***** MATERIAL PROVIDED

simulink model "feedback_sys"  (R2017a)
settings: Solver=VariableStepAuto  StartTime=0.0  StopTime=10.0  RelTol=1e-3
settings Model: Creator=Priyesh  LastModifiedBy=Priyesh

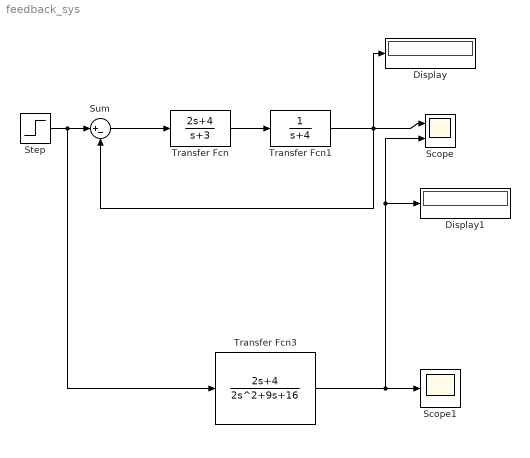
== system feedback_sys ==
  Display : Display
  Display1 : Display
  Scope : Scope  NumInputPorts=2
  Scope1 : Scope
  Step : Step  SampleTime=0
  Sum : Sum  Inputs=|+-
  Transfer Fcn : TransferFcn  Numerator=[2 4]  Denominator=[1 3]
  Transfer Fcn1 : TransferFcn  Denominator=[1 4]
  Transfer Fcn3 : TransferFcn  Numerator=[2 4]  Denominator=[2 9 16]
  wires:
  Transfer Fcn/1 -> Transfer Fcn1/1
  Sum/1 -> Transfer Fcn/1
  Step/1 -> Transfer Fcn3/1, Sum/1
  Transfer Fcn3/1 -> Display1/1, Scope/2, Scope1/1
  Transfer Fcn1/1 -> Display/1, Sum/2, Scope/1

**********

_ASSIGNMENT_: Print the records above verbatim, minus any pictures.

_SOLUTION FOR THIS TASK_:
simulink model "feedback_sys"  (R2017a)
settings: Solver=VariableStepAuto  StartTime=0.0  StopTime=10.0  RelTol=1e-3
settings Model: Creator=Priyesh  LastModifiedBy=Priyesh

== system feedback_sys ==
  Display : Display
  Display1 : Display
  Scope : Scope  NumInputPorts=2
  Scope1 : Scope
  Step : Step  SampleTime=0
  Sum : Sum  Inputs=|+-
  Transfer Fcn : TransferFcn  Numerator=[2 4]  Denominator=[1 3]
  Transfer Fcn1 : TransferFcn  Denominator=[1 4]
  Transfer Fcn3 : TransferFcn  Numerator=[2 4]  Denominator=[2 9 16]
  wires:
  Transfer Fcn/1 -> Transfer Fcn1/1
  Sum/1 -> Transfer Fcn/1
  Step/1 -> Transfer Fcn3/1, Sum/1
  Transfer Fcn3/1 -> Display1/1, Scope/2, Scope1/1
  Transfer Fcn1/1 -> Display/1, Sum/2, Scope/1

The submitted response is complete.